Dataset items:
□ □ □ □ □
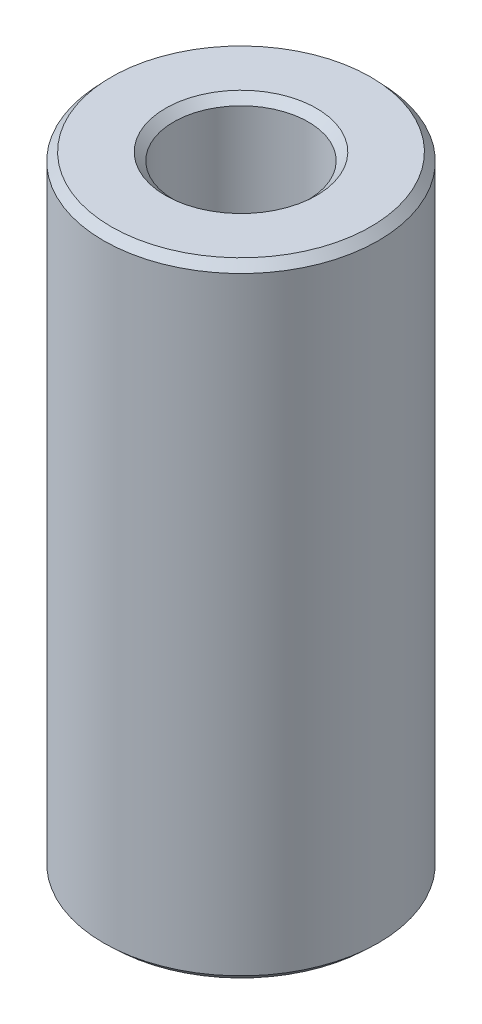
ISO-10303-21;
HEADER;
FILE_DESCRIPTION(('STEP AP214'),'2;1');
FILE_NAME('part.step','',(''),(''),'','','');
FILE_SCHEMA(('AUTOMOTIVE_DESIGN { 1 0 10303 214 1 1 1 1 }'));
ENDSEC;
DATA;
#1=APPLICATION_CONTEXT('core data for automotive mechanical design processes');
#2=APPLICATION_PROTOCOL_DEFINITION('international standard','automotive_design',2000,#1);
#3=PRODUCT_CONTEXT('',#1,'mechanical');
#4=PRODUCT('Part','Part','',(#3));
#5=PRODUCT_RELATED_PRODUCT_CATEGORY('part','',(#4));
#6=PRODUCT_DEFINITION_FORMATION('','',#4);
#7=PRODUCT_DEFINITION_CONTEXT('part definition',#1,'design');
#8=PRODUCT_DEFINITION('design','',#6,#7);
#9=PRODUCT_DEFINITION_SHAPE('','',#8);
#10=(LENGTH_UNIT() NAMED_UNIT(*) SI_UNIT(.MILLI.,.METRE.));
#11=(NAMED_UNIT(*) PLANE_ANGLE_UNIT() SI_UNIT($,.RADIAN.));
#12=(NAMED_UNIT(*) SI_UNIT($,.STERADIAN.) SOLID_ANGLE_UNIT());
#13=UNCERTAINTY_MEASURE_WITH_UNIT(LENGTH_MEASURE(1.E-05),#10,'distance_accuracy_value','');
#14=(GEOMETRIC_REPRESENTATION_CONTEXT(3) GLOBAL_UNCERTAINTY_ASSIGNED_CONTEXT((#13)) GLOBAL_UNIT_ASSIGNED_CONTEXT((#10,
#11,#12)) REPRESENTATION_CONTEXT('',''));
#15=CARTESIAN_POINT('',(0.,0.,0.));
#16=DIRECTION('',(0.,0.,1.));
#17=DIRECTION('',(1.,0.,0.));
#18=AXIS2_PLACEMENT_3D('',#15,#16,#17);
#19=CARTESIAN_POINT('',(0.,102.198678211222,0.));
#20=DIRECTION('',(0.,-1.,0.));
#21=DIRECTION('',(0.,0.,-1.));
#22=AXIS2_PLACEMENT_3D('',#19,#20,#21);
#23=CYLINDRICAL_SURFACE('',#22,22.5);
#24=CARTESIAN_POINT('',(0.,1.25821860521536,0.));
#25=DIRECTION('',(0.,1.,0.));
#26=DIRECTION('',(0.,0.,1.));
#27=AXIS2_PLACEMENT_3D('',#24,#25,#26);
#28=CIRCLE('',#27,22.5);
#29=CARTESIAN_POINT('',(0.,1.25821860521536,22.5));
#30=VERTEX_POINT('',#29);
#31=EDGE_CURVE('E10',#30,#30,#28,.T.);
#32=ORIENTED_EDGE('',*,*,#31,.T.);
#33=EDGE_LOOP('',(#32));
#34=FACE_BOUND('',#33,.T.);
#35=CARTESIAN_POINT('',(0.,100.854467253868,0.));
#36=DIRECTION('',(0.,1.,0.));
#37=DIRECTION('',(0.,0.,1.));
#38=AXIS2_PLACEMENT_3D('',#35,#36,#37);
#39=CIRCLE('',#38,22.5);
#40=CARTESIAN_POINT('',(0.,100.854467253868,22.5));
#41=VERTEX_POINT('',#40);
#42=EDGE_CURVE('E50',#41,#41,#39,.F.);
#43=ORIENTED_EDGE('',*,*,#42,.T.);
#44=EDGE_LOOP('',(#43));
#45=FACE_BOUND('',#44,.T.);
#46=ADVANCED_FACE('F39',(#34,#45),#23,.T.);
#47=CARTESIAN_POINT('',(0.,102.198678211222,0.));
#48=DIRECTION('',(0.,1.,0.));
#49=DIRECTION('',(0.,0.,1.));
#50=AXIS2_PLACEMENT_3D('',#47,#48,#49);
#51=PLANE('',#50);
#52=CARTESIAN_POINT('',(0.,102.198678211222,0.));
#53=DIRECTION('',(0.,1.,0.));
#54=DIRECTION('',(0.,0.,1.));
#55=AXIS2_PLACEMENT_3D('',#52,#53,#54);
#56=CIRCLE('',#55,12.3705231296304);
#57=CARTESIAN_POINT('',(0.,102.198678211222,12.3705231296304));
#58=VERTEX_POINT('',#57);
#59=EDGE_CURVE('E58',#58,#58,#56,.F.);
#60=ORIENTED_EDGE('',*,*,#59,.T.);
#61=EDGE_LOOP('',(#60));
#62=FACE_BOUND('',#61,.T.);
#63=CARTESIAN_POINT('',(0.,102.198678211222,0.));
#64=DIRECTION('',(0.,1.,0.));
#65=DIRECTION('',(0.,0.,1.));
#66=AXIS2_PLACEMENT_3D('',#63,#64,#65);
#67=CIRCLE('',#66,21.2417813947846);
#68=CARTESIAN_POINT('',(0.,102.198678211222,21.2417813947846));
#69=VERTEX_POINT('',#68);
#70=EDGE_CURVE('E61',#69,#69,#67,.T.);
#71=ORIENTED_EDGE('',*,*,#70,.T.);
#72=EDGE_LOOP('',(#71));
#73=FACE_BOUND('',#72,.T.);
#74=ADVANCED_FACE('F88',(#62,#73),#51,.T.);
#75=CARTESIAN_POINT('',(0.,0.,0.));
#76=DIRECTION('',(0.,1.,0.));
#77=DIRECTION('',(0.,0.,1.));
#78=AXIS2_PLACEMENT_3D('',#75,#76,#77);
#79=PLANE('',#78);
#80=CARTESIAN_POINT('',(0.,0.,0.));
#81=DIRECTION('',(0.,1.,0.));
#82=DIRECTION('',(0.,0.,1.));
#83=AXIS2_PLACEMENT_3D('',#80,#81,#82);
#84=CIRCLE('',#83,12.2845307774917);
#85=CARTESIAN_POINT('',(0.,0.,12.2845307774917));
#86=VERTEX_POINT('',#85);
#87=EDGE_CURVE('E51',#86,#86,#84,.T.);
#88=ORIENTED_EDGE('',*,*,#87,.T.);
#89=EDGE_LOOP('',(#88));
#90=FACE_BOUND('',#89,.T.);
#91=CARTESIAN_POINT('',(0.,0.,0.));
#92=DIRECTION('',(0.,1.,0.));
#93=DIRECTION('',(0.,0.,1.));
#94=AXIS2_PLACEMENT_3D('',#91,#92,#93);
#95=CIRCLE('',#94,21.1557890426459);
#96=CARTESIAN_POINT('',(0.,0.,21.1557890426459));
#97=VERTEX_POINT('',#96);
#98=EDGE_CURVE('E54',#97,#97,#95,.F.);
#99=ORIENTED_EDGE('',*,*,#98,.T.);
#100=EDGE_LOOP('',(#99));
#101=FACE_BOUND('',#100,.T.);
#102=ADVANCED_FACE('F83',(#90,#101),#79,.F.);
#103=CARTESIAN_POINT('',(0.,102.198678211222,0.));
#104=DIRECTION('',(0.,-1.,0.));
#105=DIRECTION('',(0.,0.,-1.));
#106=AXIS2_PLACEMENT_3D('',#103,#104,#105);
#107=CYLINDRICAL_SURFACE('',#106,11.0263121722763);
#108=CARTESIAN_POINT('',(0.,100.940459606007,0.));
#109=DIRECTION('',(0.,1.,0.));
#110=DIRECTION('',(0.,0.,1.));
#111=AXIS2_PLACEMENT_3D('',#108,#109,#110);
#112=CIRCLE('',#111,11.0263121722763);
#113=CARTESIAN_POINT('',(0.,100.940459606007,11.0263121722763));
#114=VERTEX_POINT('',#113);
#115=EDGE_CURVE('E67',#114,#114,#112,.T.);
#116=ORIENTED_EDGE('',*,*,#115,.T.);
#117=EDGE_LOOP('',(#116));
#118=FACE_BOUND('',#117,.T.);
#119=CARTESIAN_POINT('',(0.,1.34421095735414,0.));
#120=DIRECTION('',(0.,1.,0.));
#121=DIRECTION('',(0.,0.,1.));
#122=AXIS2_PLACEMENT_3D('',#119,#120,#121);
#123=CIRCLE('',#122,11.0263121722763);
#124=CARTESIAN_POINT('',(0.,1.34421095735414,11.0263121722763));
#125=VERTEX_POINT('',#124);
#126=EDGE_CURVE('E69',#125,#125,#123,.F.);
#127=ORIENTED_EDGE('',*,*,#126,.T.);
#128=EDGE_LOOP('',(#127));
#129=FACE_BOUND('',#128,.T.);
#130=ADVANCED_FACE('F71',(#118,#129),#107,.F.);
#131=CARTESIAN_POINT('',(0.,100.940459606007,0.));
#132=DIRECTION('',(0.,1.,0.));
#133=DIRECTION('',(0.,0.,1.));
#134=AXIS2_PLACEMENT_3D('',#131,#132,#133);
#135=CONICAL_SURFACE('',#134,11.0263121722763,0.818429249824643);
#136=ORIENTED_EDGE('',*,*,#59,.F.);
#137=EDGE_LOOP('',(#136));
#138=FACE_BOUND('',#137,.T.);
#139=ORIENTED_EDGE('',*,*,#115,.F.);
#140=EDGE_LOOP('',(#139));
#141=FACE_BOUND('',#140,.T.);
#142=ADVANCED_FACE('F77',(#138,#141),#135,.F.);
#143=CARTESIAN_POINT('',(0.,0.,0.));
#144=DIRECTION('',(0.,-1.,0.));
#145=DIRECTION('',(0.,0.,-1.));
#146=AXIS2_PLACEMENT_3D('',#143,#144,#145);
#147=CONICAL_SURFACE('',#146,12.2845307774917,0.752367076970255);
#148=ORIENTED_EDGE('',*,*,#126,.F.);
#149=EDGE_LOOP('',(#148));
#150=FACE_BOUND('',#149,.T.);
#151=ORIENTED_EDGE('',*,*,#87,.F.);
#152=EDGE_LOOP('',(#151));
#153=FACE_BOUND('',#152,.T.);
#154=ADVANCED_FACE('F73',(#150,#153),#147,.F.);
#155=CARTESIAN_POINT('',(0.,1.25821860521536,0.));
#156=DIRECTION('',(0.,1.,0.));
#157=DIRECTION('',(0.,0.,1.));
#158=AXIS2_PLACEMENT_3D('',#155,#156,#157);
#159=CONICAL_SURFACE('',#158,22.5,0.81842924982465);
#160=ORIENTED_EDGE('',*,*,#98,.F.);
#161=EDGE_LOOP('',(#160));
#162=FACE_BOUND('',#161,.T.);
#163=ORIENTED_EDGE('',*,*,#31,.F.);
#164=EDGE_LOOP('',(#163));
#165=FACE_BOUND('',#164,.T.);
#166=ADVANCED_FACE('F76',(#162,#165),#159,.T.);
#167=CARTESIAN_POINT('',(0.,102.198678211222,0.));
#168=DIRECTION('',(0.,-1.,0.));
#169=DIRECTION('',(0.,0.,-1.));
#170=AXIS2_PLACEMENT_3D('',#167,#168,#169);
#171=CONICAL_SURFACE('',#170,21.2417813947846,0.752367076970249);
#172=ORIENTED_EDGE('',*,*,#42,.F.);
#173=EDGE_LOOP('',(#172));
#174=FACE_BOUND('',#173,.T.);
#175=ORIENTED_EDGE('',*,*,#70,.F.);
#176=EDGE_LOOP('',(#175));
#177=FACE_BOUND('',#176,.T.);
#178=ADVANCED_FACE('F45',(#174,#177),#171,.T.);
#179=CLOSED_SHELL('',(#46,#74,#102,#130,#142,#154,#166,#178));
#180=MANIFOLD_SOLID_BREP('B2',#179);
#181=ADVANCED_BREP_SHAPE_REPRESENTATION('',(#18,#180),#14);
#182=SHAPE_DEFINITION_REPRESENTATION(#9,#181);
ENDSEC;
END-ISO-10303-21;
□ □ □ □ □
Could you reproduce exactly the lines of the entries above, from the one with "#72=EDGE_LOOP('',(#71));" through the one with "#91=CARTESIAN_POINT('',(0.,0.,0.));", and nothing else?

§ **TASK RESULT**:
#72=EDGE_LOOP('',(#71));
#73=FACE_BOUND('',#72,.T.);
#74=ADVANCED_FACE('F88',(#62,#73),#51,.T.);
#75=CARTESIAN_POINT('',(0.,0.,0.));
#76=DIRECTION('',(0.,1.,0.));
#77=DIRECTION('',(0.,0.,1.));
#78=AXIS2_PLACEMENT_3D('',#75,#76,#77);
#79=PLANE('',#78);
#80=CARTESIAN_POINT('',(0.,0.,0.));
#81=DIRECTION('',(0.,1.,0.));
#82=DIRECTION('',(0.,0.,1.));
#83=AXIS2_PLACEMENT_3D('',#80,#81,#82);
#84=CIRCLE('',#83,12.2845307774917);
#85=CARTESIAN_POINT('',(0.,0.,12.2845307774917));
#86=VERTEX_POINT('',#85);
#87=EDGE_CURVE('E51',#86,#86,#84,.T.);
#88=ORIENTED_EDGE('',*,*,#87,.T.);
#89=EDGE_LOOP('',(#88));
#90=FACE_BOUND('',#89,.T.);
#91=CARTESIAN_POINT('',(0.,0.,0.));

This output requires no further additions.